[RECORD SET Boundary: Start]

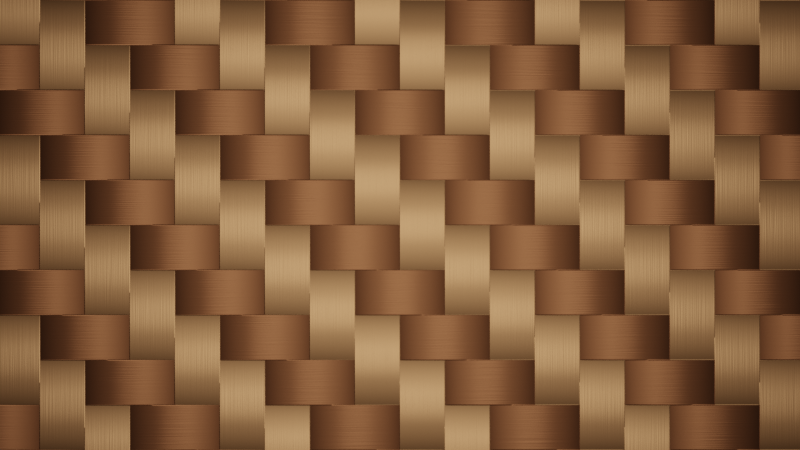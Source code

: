 # Source: Ubuntu_Kubex.blend  (saved by Blender 3.5.8; exported with 4.5.12 LTS)
import bpy
from mathutils import Matrix  # noqa: F401  (used for matrix-valued properties, if any)

bpy.ops.wm.read_factory_settings(use_empty=True)
scene = bpy.context.scene
scene.name = 'Scene'

# ---- collections
col_collection = bpy.data.collections.new('Collection'); scene.collection.children.link(col_collection)

# ---- materials (node trees are filled in below, after node groups)
mat_carbon = bpy.data.materials.new('Carbon')

# ---- material node trees
mat_carbon.use_nodes = True; mat_carbon.node_tree.nodes.clear()
_N = mat_carbon.node_tree.nodes; _L = mat_carbon.node_tree.links
n0 = _N.new('ShaderNodeTexChecker'); n0.name = 'Checker Texture.005'; n0.location = (-879, -589)
n0.inputs[1].default_value = (75.0, 75.0, 75.0, 1.0)
n0.inputs[2].default_value = (0.75, 0.75, 0.75, 1.0)
n0.inputs[3].default_value = 20.0
n1 = _N.new('ShaderNodeTexChecker'); n1.name = 'Checker Texture'; n1.location = (-871, 86)
n1.inputs[1].default_value = (75.0, 75.0, 75.0, 1.0)
n1.inputs[2].default_value = (0.75, 0.75, 0.75, 1.0)
n1.inputs[3].default_value = 20.0
n2 = _N.new('ShaderNodeMapping'); n2.name = 'Mapping.003'; n2.location = (172, -482)
n2.inputs[3].default_value = (0.0, 0.5, 1.0)
n3 = _N.new('ShaderNodeTexVoronoi'); n3.name = 'Voronoi Texture.001'; n3.location = (417, -493)
n3.voronoi_dimensions = '2D'
n3.feature = 'SMOOTH_F1'
n3.inputs[2].default_value = 20.0
n3.inputs[8].default_value = 0.0
n4 = _N.new('ShaderNodeCombineXYZ'); n4.name = 'Combine XYZ.001'; n4.location = (-96, -618)
n5 = _N.new('ShaderNodeMath'); n5.name = 'Math.001'; n5.location = (-310, -606)
n5.operation = 'DIVIDE'
n5.inputs[1].default_value = 2.0
n6 = _N.new('ShaderNodeMix'); n6.name = 'Mix.004'; n6.location = (1574, 8)
n6.data_type = 'RGBA'
n6.blend_type = 'MULTIPLY'
n6.inputs[0].default_value = 0.85
n7 = _N.new('ShaderNodeMix'); n7.name = 'Mix.006'; n7.location = (1510, -432)
n7.data_type = 'RGBA'
n7.blend_type = 'MULTIPLY'
n7.inputs[0].default_value = 0.03833
n8 = _N.new('ShaderNodeBsdfPrincipled'); n8.name = 'Principled BSDF'; n8.location = (2064, -137)
n8.distribution = 'GGX'
n8.subsurface_method = 'RANDOM_WALK_SKIN'
n8.inputs[1].default_value = 1.0
n8.inputs[3].default_value = 1.45
n8.inputs[27].default_value = (0.0, 0.0, 0.0, 1.0)
n8.inputs[28].default_value = 1.0
n9 = _N.new('ShaderNodeTexNoise'); n9.name = 'Noise Texture'; n9.location = (855, -898)
n9.inputs[2].default_value = 10.0
n9.inputs[8].default_value = 5.0
n10 = _N.new('ShaderNodeTexNoise'); n10.name = 'Noise Texture.001'; n10.location = (852, -1309)
n10.inputs[2].default_value = 10.0
n10.inputs[8].default_value = 5.0
n11 = _N.new('ShaderNodeMix'); n11.name = 'Mix.005'; n11.location = (1245, -895)
n11.data_type = 'RGBA'
n12 = _N.new('ShaderNodeCombineXYZ'); n12.name = 'Combine XYZ'; n12.location = (-88, 57)
n13 = _N.new('ShaderNodeMath'); n13.name = 'Math'; n13.location = (-302, 69)
n13.operation = 'DIVIDE'
n13.inputs[1].default_value = 2.0
n14 = _N.new('ShaderNodeTexVoronoi'); n14.name = 'Voronoi Texture'; n14.location = (435, 116)
n14.voronoi_dimensions = '2D'
n14.feature = 'SMOOTH_F1'
n14.inputs[2].default_value = 20.0
n14.inputs[8].default_value = 0.0
n15 = _N.new('ShaderNodeTexChecker'); n15.name = 'Checker Texture.003'; n15.location = (438, 327)
n15.inputs[1].default_value = (1.0, 1.0, 1.0, 1.0)
n15.inputs[2].default_value = (0.0, 0.0, 0.0, 1.0)
n15.inputs[3].default_value = 20.0
n16 = _N.new('ShaderNodeOutputMaterial'); n16.name = 'Material Output'; n16.location = (2436, -198)
n17 = _N.new('ShaderNodeMapping'); n17.name = 'Mapping.005'; n17.location = (412, -1178)
n17.inputs[3].default_value = (30.0, 0.2, 1.0)
n18 = _N.new('NodeReroute'); n18.name = 'Reroute.003'; n18.location = (-113, -1269)
n18.width = 16
n18.socket_idname = 'NodeSocketVector'
n19 = _N.new('NodeReroute'); n19.name = 'Reroute.004'; n19.location = (-114, -886)
n19.width = 16
n19.socket_idname = 'NodeSocketVector'
n20 = _N.new('ShaderNodeMapping'); n20.name = 'Mapping.004'; n20.location = (414, -797)
n20.inputs[3].default_value = (0.2, 30.0, 1.0)
n21 = _N.new('ShaderNodeTexChecker'); n21.name = 'Checker Texture.004'; n21.location = (-881, -786)
n21.inputs[1].default_value = (0.5, 0.5, 0.5, 1.0)
n21.inputs[2].default_value = (0.25, 0.25, 0.25, 1.0)
n21.inputs[3].default_value = 20.0
n22 = _N.new('NodeReroute'); n22.name = 'Reroute.006'; n22.location = (-954, -868)
n22.width = 16
n22.socket_idname = 'NodeSocketVector'
n23 = _N.new('ShaderNodeTexChecker'); n23.name = 'Checker Texture.006'; n23.location = (-878, -380)
n23.inputs[1].default_value = (1.0, 1.0, 1.0, 1.0)
n23.inputs[2].default_value = (0.0, 0.0, 0.0, 1.0)
n23.inputs[3].default_value = 10.0
n24 = _N.new('NodeReroute'); n24.name = 'Reroute.007'; n24.location = (-956, -462)
n24.width = 16
n24.socket_idname = 'NodeSocketVector'
n25 = _N.new('NodeReroute'); n25.name = 'Reroute.005'; n25.location = (-954, -672)
n25.width = 16
n25.socket_idname = 'NodeSocketVector'
n26 = _N.new('ShaderNodeMix'); n26.name = 'Mix.001'; n26.location = (-534, -613)
n26.data_type = 'RGBA'
n27 = _N.new('NodeReroute'); n27.name = 'Reroute.008'; n27.location = (-675, -798)
n27.width = 16
n28 = _N.new('NodeReroute'); n28.name = 'Reroute.009'; n28.location = (-676, -624)
n28.width = 16
n29 = _N.new('NodeReroute'); n29.name = 'Reroute.010'; n29.location = (-594, -778)
n29.width = 16
n30 = _N.new('NodeReroute'); n30.name = 'Reroute.013'; n30.location = (-346, -648)
n30.width = 16
n31 = _N.new('NodeReroute'); n31.name = 'Reroute.011'; n31.location = (-592, -416)
n31.width = 16
n32 = _N.new('NodeReroute'); n32.name = 'Reroute.015'; n32.location = (-130, -640)
n32.width = 16
n32.socket_idname = 'NodeSocketFloat'
n33 = _N.new('NodeReroute'); n33.name = 'Reroute.012'; n33.location = (-345, -722)
n33.width = 16
n34 = _N.new('NodeReroute'); n34.name = 'Reroute.017'; n34.location = (111, -595)
n34.width = 16
n34.socket_idname = 'NodeSocketVector'
n35 = _N.new('NodeReroute'); n35.name = 'Reroute.014'; n35.location = (-129, -700)
n35.width = 16
n35.socket_idname = 'NodeSocketFloat'
n36 = _N.new('NodeReroute'); n36.name = 'Reroute.019'; n36.location = (367, -517)
n36.width = 16
n36.socket_idname = 'NodeSocketVector'
n37 = _N.new('NodeReroute'); n37.name = 'Reroute.016'; n37.location = (112, -652)
n37.width = 16
n37.socket_idname = 'NodeSocketVector'
n38 = _N.new('NodeReroute'); n38.name = 'Reroute.018'; n38.location = (367, -680)
n38.width = 16
n38.socket_idname = 'NodeSocketVector'
n39 = _N.new('ShaderNodeTexCoord'); n39.name = 'Texture Coordinate'; n39.location = (-1683, -270)
n40 = _N.new('ShaderNodeMapping'); n40.name = 'Mapping.002'; n40.location = (-1268, -637)
n40.width = 240
n40.inputs[3].default_value = (1.0, 0.0, 1.0)
n41 = _N.new('NodeReroute'); n41.name = 'Reroute.022'; n41.location = (-1323, -728)
n41.width = 16
n41.socket_idname = 'NodeSocketVector'
n42 = _N.new('ShaderNodeMapping'); n42.name = 'Mapping'; n42.location = (-1264, 40)
n42.width = 240
n42.inputs[3].default_value = (0.0, 1.0, 1.0)
n43 = _N.new('NodeReroute'); n43.name = 'Reroute.023'; n43.location = (-1324, -50)
n43.width = 16
n43.socket_idname = 'NodeSocketVector'
n44 = _N.new('NodeReroute'); n44.name = 'Reroute.020'; n44.location = (-1325, -349)
n44.width = 16
n44.socket_idname = 'NodeSocketVector'
n45 = _N.new('ShaderNodeMapping'); n45.name = 'Mapping.001'; n45.location = (180, 193)
n45.inputs[3].default_value = (0.5, 0.0, 1.0)
n46 = _N.new('NodeReroute'); n46.name = 'Reroute.021'; n46.location = (-1414, -349)
n46.width = 16
n46.socket_idname = 'NodeSocketVector'
n47 = _N.new('NodeReroute'); n47.name = 'Reroute.024'; n47.location = (-1415, -1278)
n47.width = 16
n47.socket_idname = 'NodeSocketVector'
n48 = _N.new('ShaderNodeTexChecker'); n48.name = 'Checker Texture.002'; n48.location = (-873, -111)
n48.inputs[1].default_value = (0.5, 0.5, 0.5, 1.0)
n48.inputs[2].default_value = (0.25, 0.25, 0.25, 1.0)
n48.inputs[3].default_value = 20.0
n49 = _N.new('ShaderNodeTexChecker'); n49.name = 'Checker Texture.001'; n49.location = (-870, 296)
n49.inputs[1].default_value = (1.0, 1.0, 1.0, 1.0)
n49.inputs[2].default_value = (0.0, 0.0, 0.0, 1.0)
n49.inputs[3].default_value = 10.0
n50 = _N.new('NodeReroute'); n50.name = 'Reroute.026'; n50.location = (-934, 214)
n50.width = 16
n50.socket_idname = 'NodeSocketVector'
n51 = _N.new('NodeReroute'); n51.name = 'Reroute'; n51.location = (-935, 4)
n51.width = 16
n51.socket_idname = 'NodeSocketVector'
n52 = _N.new('NodeReroute'); n52.name = 'Reroute.025'; n52.location = (-936, -193)
n52.width = 16
n52.socket_idname = 'NodeSocketVector'
n53 = _N.new('ShaderNodeMix'); n53.name = 'Mix'; n53.location = (-526, 62)
n53.data_type = 'RGBA'
n54 = _N.new('NodeReroute'); n54.name = 'Reroute.029'; n54.location = (-659, 51)
n54.width = 16
n55 = _N.new('NodeReroute'); n55.name = 'Reroute.027'; n55.location = (-615, -101)
n55.width = 16
n56 = _N.new('NodeReroute'); n56.name = 'Reroute.030'; n56.location = (-659, -123)
n56.width = 16
n57 = _N.new('NodeReroute'); n57.name = 'Reroute.028'; n57.location = (-617, 259)
n57.width = 16
n58 = _N.new('NodeReroute'); n58.name = 'Reroute.031'; n58.location = (-343, -46)
n58.width = 16
n59 = _N.new('NodeReroute'); n59.name = 'Reroute.032'; n59.location = (-345, 27)
n59.width = 16
n60 = _N.new('NodeReroute'); n60.name = 'Reroute.033'; n60.location = (-124, -3)
n60.width = 16
n60.socket_idname = 'NodeSocketFloat'
n61 = _N.new('NodeReroute'); n61.name = 'Reroute.034'; n61.location = (-124, 33)
n61.width = 16
n61.socket_idname = 'NodeSocketFloat'
n62 = _N.new('NodeReroute'); n62.name = 'Reroute.002'; n62.location = (111, -572)
n62.width = 16
n62.socket_idname = 'NodeSocketVector'
n63 = _N.new('NodeReroute'); n63.name = 'Reroute.001'; n63.location = (110, -352)
n63.width = 16
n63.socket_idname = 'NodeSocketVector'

[RECORD SET Boundary: End]

__WHAT YOU HAVE TO DO__. In the records above, how many lines contain the word "ShaderNodeMath"? Give the number alone.

__ANSWER TO THIS EXERCISE__. 2